# [TASK OBJECTIVE]
Reproduce the lines below exactly. Begin with the first, end with the line containing "H 5672 1774", and leave out the pictures.

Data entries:
=== Section Start ===

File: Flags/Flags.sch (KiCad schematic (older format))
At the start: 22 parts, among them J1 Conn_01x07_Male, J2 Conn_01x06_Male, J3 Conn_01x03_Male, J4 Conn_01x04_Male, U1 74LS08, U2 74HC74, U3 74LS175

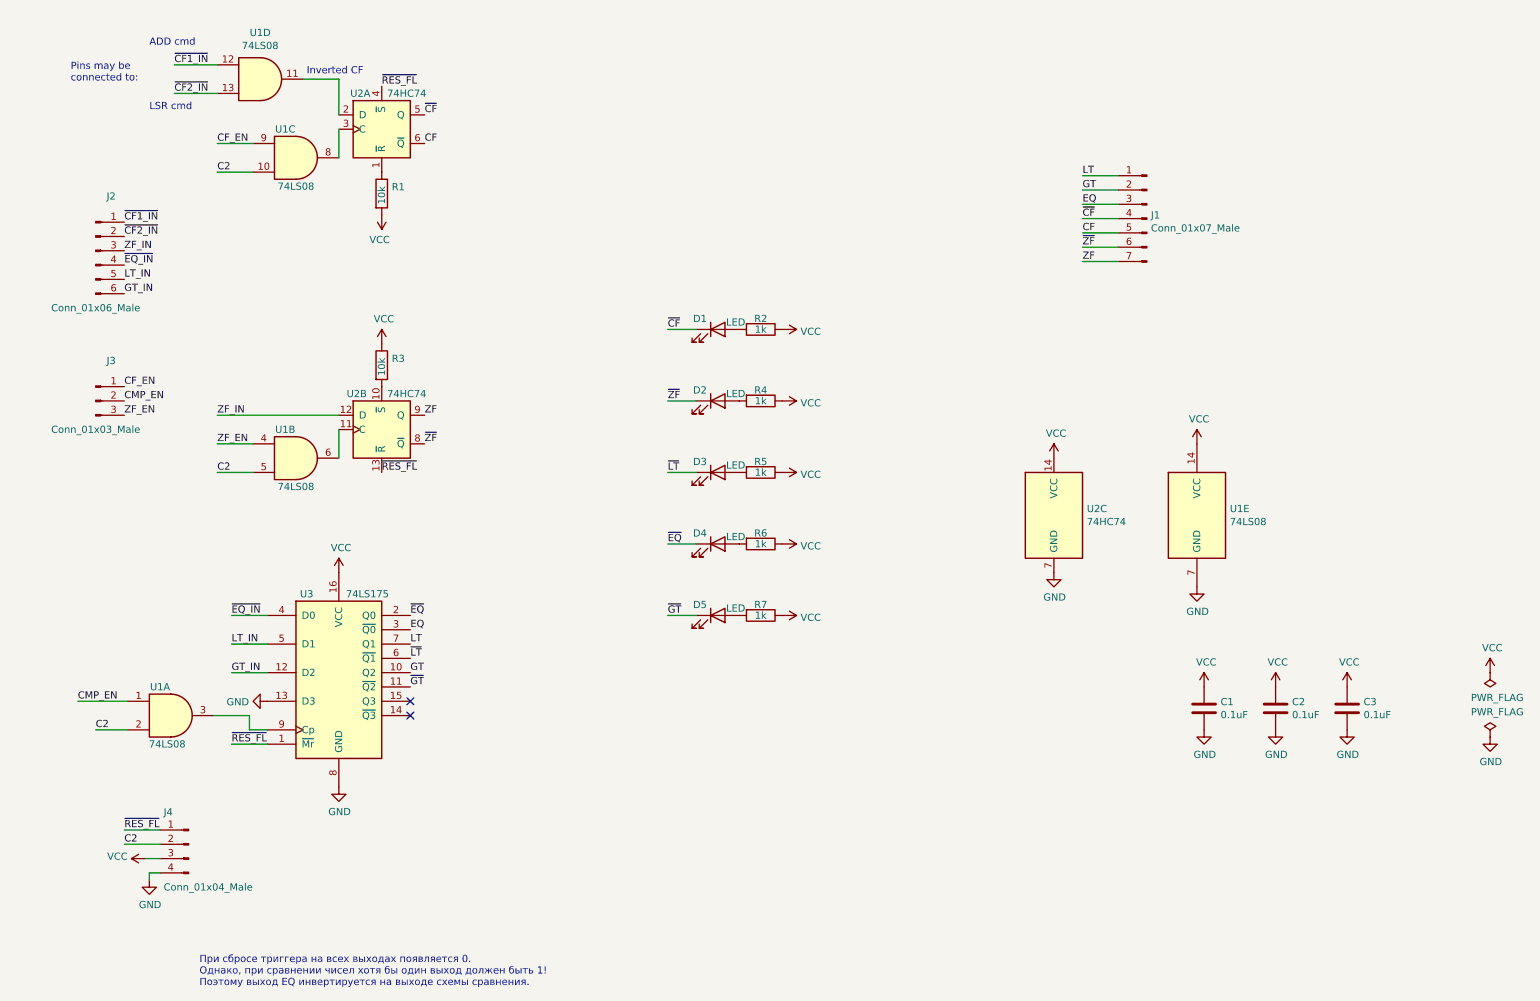
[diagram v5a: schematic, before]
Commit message: Polishing Flags. Add lost pins.
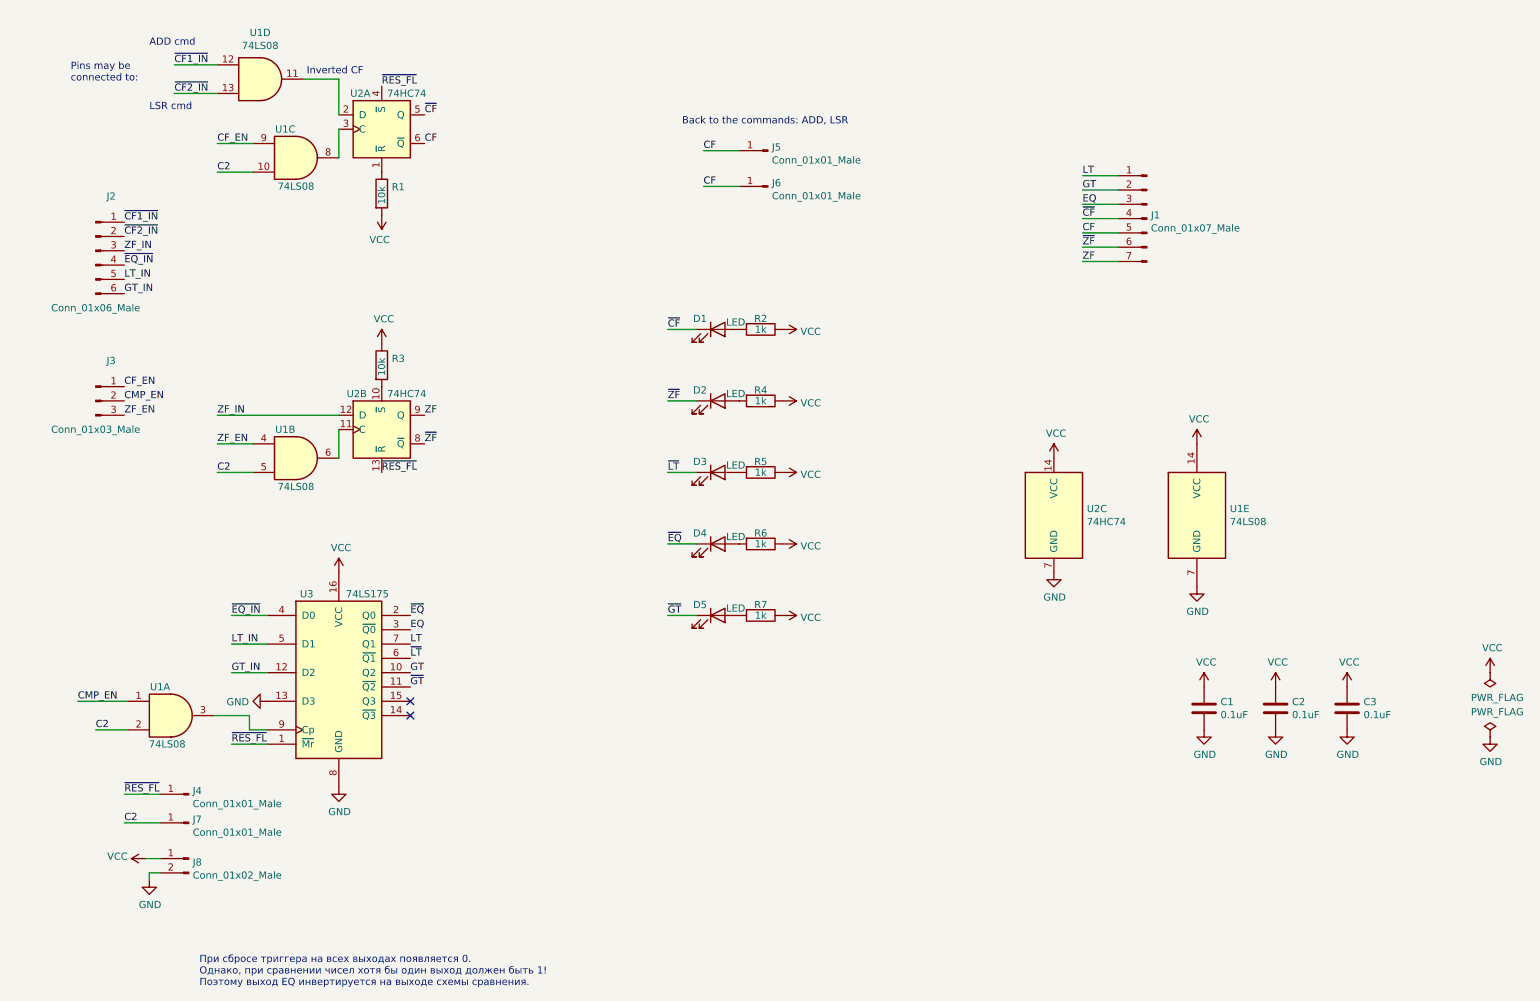
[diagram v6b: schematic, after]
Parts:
- removed J4: Conn_01x04_Male, Connector_PinHeader_2.54mm:PinHeader_1x04_P2.54mm_Vertical, symbol Connector:Conn_01x04_Male
- added J4, J5, J6, J7: Conn_01x01_Male, Connector_PinHeader_2.54mm:PinHeader_1x01_P2.54mm_Vertical, symbol Connector:Conn_01x01_Male
- added J8: Conn_01x02_Male, Connector_PinHeader_2.54mm:PinHeader_1x02_P2.54mm_Vertical, symbol Connector:Conn_01x02_Male
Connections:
- net C2: now also J7.1 (Pin_1)
- net CF: now also J5.1 (Pin_1), J6.1 (Pin_1)
- net GND: now also J8.2 (Pin_2)
- net VCC: now also J8.1 (Pin_1)
- net ~RES_FL: now also J4.1 (Pin_1)
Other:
- note added: "Back to the commands: ADD, LSR"
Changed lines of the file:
@@
 Text Label 7900 2525 0    50   ~ 0
 ZF
-$Comp
-L Connector:Conn_01x04_Male J4
-U 1 1 62C55960
-P 1650 6600
-F 0 "J4" H 1825 6825 50  0000 R CNN
-F 1 "Conn_01x04_Male" H 1825 6300 50  0000 R CNN
-F 2 "Connector_PinHeader_2.54mm:PinHeader_1x04_P2.54mm_Vertical" H 1650 6600 50  0001 C CNN
-F 3 "~" H 1650 6600 50  0001 C CNN
-	1    1650 6600
-	-1   0    0    -1
-$EndComp
-Wire Wire Line
-	1200 6500 1450 6500
-Wire Wire Line
-	1200 6600 1450 6600
-Text Label 1200 6600 0    50   ~ 0
+Wire Wire Line
+	1200 6250 1450 6250
+Wire Wire Line
+	1200 6450 1450 6450
+Text Label 1200 6450 0    50   ~ 0
 C2
-Text Label 1200 6500 0    50   ~ 0
+Text Label 1200 6250 0    50   ~ 0
 ~RES_FL
 $Comp
@@
 	-1   0    0    -1
 $EndComp
+$Comp
+L Connector:Conn_01x01_Male J5
+U 1 1 63FB964B
+P 5700 1750
+F 0 "J5" H 5672 1774 50  0000 R CNN
+F 1 "Conn_01x01_Male" H 5672 1683 50  0000 R CNN
+F 2 "Connector_PinHeader_2.54mm:PinHeader_1x01_P2.54mm_Vertical" H 5700 1750 50  0001 C CNN
+F 3 "~" H 5700 1750 50  0001 C CNN
+	1    5700 1750
+	-1   0    0    -1
+$EndComp
+$Comp
+L Connector:Conn_01x01_Male J6
+U 1 1 63FBB2B0
+P 5700 2000
+F 0 "J6" H 5672 2024 50  0000 R CNN
+F 1 "Conn_01x01_Male" H 5672 1933 50  0000 R CNN
+F 2 "Connector_PinHeader_2.54mm:PinHeader_1x01_P2.54mm_Vertical" H 5700 2000 50  0001 C CNN
+F 3 "~" H 5700 2000 50  0001 C CNN
+	1    5700 2000
+	-1   0    0    -1
+$EndComp
+Wire Wire Line
+	5250 1750 5500 1750
+Wire Wire Line
+	5250 2000 5500 2000
+Text Label 5250 1750 0    50   ~ 0
+CF
+Text Label 5250 2000 0    50   ~ 0
+CF
+Text Notes 5100 1575 0    50   ~ 0
+Back to the commands: ADD, LSR
+$Comp
+L Connector:Conn_01x02_Male J8
+U 1 1 640113A9
+P 1650 6700
+F 0 "J8" H 1622 6674 50  0000 R CNN
+F 1 "Conn_01x02_Male" H 1622 6583 50  0000 R CNN
+F 2 "Connector_PinHeader_2.54mm:PinHeader_1x02_P2.54mm_Vertical" H 1650 6700 50  0001 C CNN
+F 3 "~" H 1650 6700 50  0001 C CNN
+	1    1650 6700
+	-1   0    0    -1
+$EndComp
+$Comp
+L Connector:Conn_01x01_Male J4
+U 1 1 64013AFE
+P 1650 6250
+F 0 "J4" H 1622 6274 50  0000 R CNN
+F 1 "Conn_01x01_Male" H 1622 6183 50  0000 R CNN
+F 2 "Connector_PinHeader_2.54mm:PinHeader_1x01_P2.54mm_Vertical" H 1650 6250 50  0001 C CNN
+F 3 "~" H 1650 6250 50  0001 C CNN
+	1    1650 6250
+	-1   0    0    -1
+$EndComp
+$Comp
+L Connector:Conn_01x01_Male J7
+U 1 1 6401693F
+P 1650 6450
+F 0 "J7" H 1622 6474 50  0000 R CNN
+F 1 "Conn_01x01_Male" H 1622 6383 50  0000 R CNN
+F 2 "Connector_PinHeader_2.54mm:PinHeader_1x01_P2.54mm_Vertical" H 1650 6450 50  0001 C CNN
+F 3 "~" H 1650 6450 50  0001 C CNN
+	1    1650 6450
+	-1   0    0    -1
+$EndComp

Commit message: Polishing Flags. Add mounting holes.
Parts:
- added H1, H2: MountingHole, MountingHole:MountingHole_3.2mm_M3, symbol Mechanical:MountingHole
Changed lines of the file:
@@
 	-1   0    0    -1
 $EndComp
+$Comp
+L Mechanical:MountingHole H1
+U 1 1 64692F19
+P 7500 5500
+F 0 "H1" H 7600 5546 50  0000 L CNN
+F 1 "MountingHole" H 7600 5455 50  0000 L CNN
+F 2 "MountingHole:MountingHole_3.2mm_M3" H 7500 5500 50  0001 C CNN
+F 3 "~" H 7500 5500 50  0001 C CNN
+	1    7500 5500
+	1    0    0    -1
+$EndComp
+$Comp
+L Mechanical:MountingHole H2
+U 1 1 64693311
+P 7500 5750
+F 0 "H2" H 7600 5796 50  0000 L CNN
+F 1 "MountingHole" H 7600 5705 50  0000 L CNN
+F 2 "MountingHole:MountingHole_3.2mm_M3" H 7500 5750 50  0001 C CNN
+F 3 "~" H 7500 5750 50  0001 C CNN
+	1    7500 5750
+	1    0    0    -1
+$EndComp
 $EndSCHEMATC

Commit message: Polishing Flags
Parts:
- added H3, H4: MountingHole, MountingHole:MountingHole_3.2mm_M3, symbol Mechanical:MountingHole
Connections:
- net CMP_EN: now also J3.3 (Pin_3); no longer J3.2 (Pin_2)
- net ZF_EN: now also J3.2 (Pin_2); no longer J3.3 (Pin_3)
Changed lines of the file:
@@
 Text Label 1200 2450 0    50   ~ 0
 ZF_IN
+Text Label 1200 3500 0    50   ~ 0
+ZF_EN
 Text Label 1200 3600 0    50   ~ 0
-ZF_EN
-Text Label 1200 3500 0    50   ~ 0
 CMP_EN
 Text Label 1200 2650 0    50   ~ 0
@@
 	1    0    0    -1
 $EndComp
+$Comp
+L Mechanical:MountingHole H3
+U 1 1 6469DB14
+P 7500 6000
+F 0 "H3" H 7600 6046 50  0000 L CNN
+F 1 "MountingHole" H 7600 5955 50  0000 L CNN
+F 2 "MountingHole:MountingHole_3.2mm_M3" H 7500 6000 50  0001 C CNN
+F 3 "~" H 7500 6000 50  0001 C CNN
+	1    7500 6000
+	1    0    0    -1
+$EndComp
+$Comp
+L Mechanical:MountingHole H4
+U 1 1 646C277F
+P 7500 6250
+F 0 "H4" H 7600 6296 50  0000 L CNN
+F 1 "MountingHole" H 7600 6205 50  0000 L CNN
+F 2 "MountingHole:MountingHole_3.2mm_M3" H 7500 6250 50  0001 C CNN
+F 3 "~" H 7500 6250 50  0001 C CNN
+	1    7500 6250
+	1    0    0    -1
+$EndComp

=== Section End ===

# [REPLY TO THE EXERCISE]
File: Flags/Flags.sch (KiCad schematic (older format))
At the start: 22 parts, among them J1 Conn_01x07_Male, J2 Conn_01x06_Male, J3 Conn_01x03_Male, J4 Conn_01x04_Male, U1 74LS08, U2 74HC74, U3 74LS175

[diagram v5a: schematic, before]
Commit message: Polishing Flags. Add lost pins.
[diagram v6b: schematic, after]
Parts:
- removed J4: Conn_01x04_Male, Connector_PinHeader_2.54mm:PinHeader_1x04_P2.54mm_Vertical, symbol Connector:Conn_01x04_Male
- added J4, J5, J6, J7: Conn_01x01_Male, Connector_PinHeader_2.54mm:PinHeader_1x01_P2.54mm_Vertical, symbol Connector:Conn_01x01_Male
- added J8: Conn_01x02_Male, Connector_PinHeader_2.54mm:PinHeader_1x02_P2.54mm_Vertical, symbol Connector:Conn_01x02_Male
Connections:
- net C2: now also J7.1 (Pin_1)
- net CF: now also J5.1 (Pin_1), J6.1 (Pin_1)
- net GND: now also J8.2 (Pin_2)
- net VCC: now also J8.1 (Pin_1)
- net ~RES_FL: now also J4.1 (Pin_1)
Other:
- note added: "Back to the commands: ADD, LSR"
Changed lines of the file:
@@
 Text Label 7900 2525 0    50   ~ 0
 ZF
-$Comp
-L Connector:Conn_01x04_Male J4
-U 1 1 62C55960
-P 1650 6600
-F 0 "J4" H 1825 6825 50  0000 R CNN
-F 1 "Conn_01x04_Male" H 1825 6300 50  0000 R CNN
-F 2 "Connector_PinHeader_2.54mm:PinHeader_1x04_P2.54mm_Vertical" H 1650 6600 50  0001 C CNN
-F 3 "~" H 1650 6600 50  0001 C CNN
-	1    1650 6600
-	-1   0    0    -1
-$EndComp
-Wire Wire Line
-	1200 6500 1450 6500
-Wire Wire Line
-	1200 6600 1450 6600
-Text Label 1200 6600 0    50   ~ 0
+Wire Wire Line
+	1200 6250 1450 6250
+Wire Wire Line
+	1200 6450 1450 6450
+Text Label 1200 6450 0    50   ~ 0
 C2
-Text Label 1200 6500 0    50   ~ 0
+Text Label 1200 6250 0    50   ~ 0
 ~RES_FL
 $Comp
@@
 	-1   0    0    -1
 $EndComp
+$Comp
+L Connector:Conn_01x01_Male J5
+U 1 1 63FB964B
+P 5700 1750
+F 0 "J5" H 5672 1774 50  0000 R CNN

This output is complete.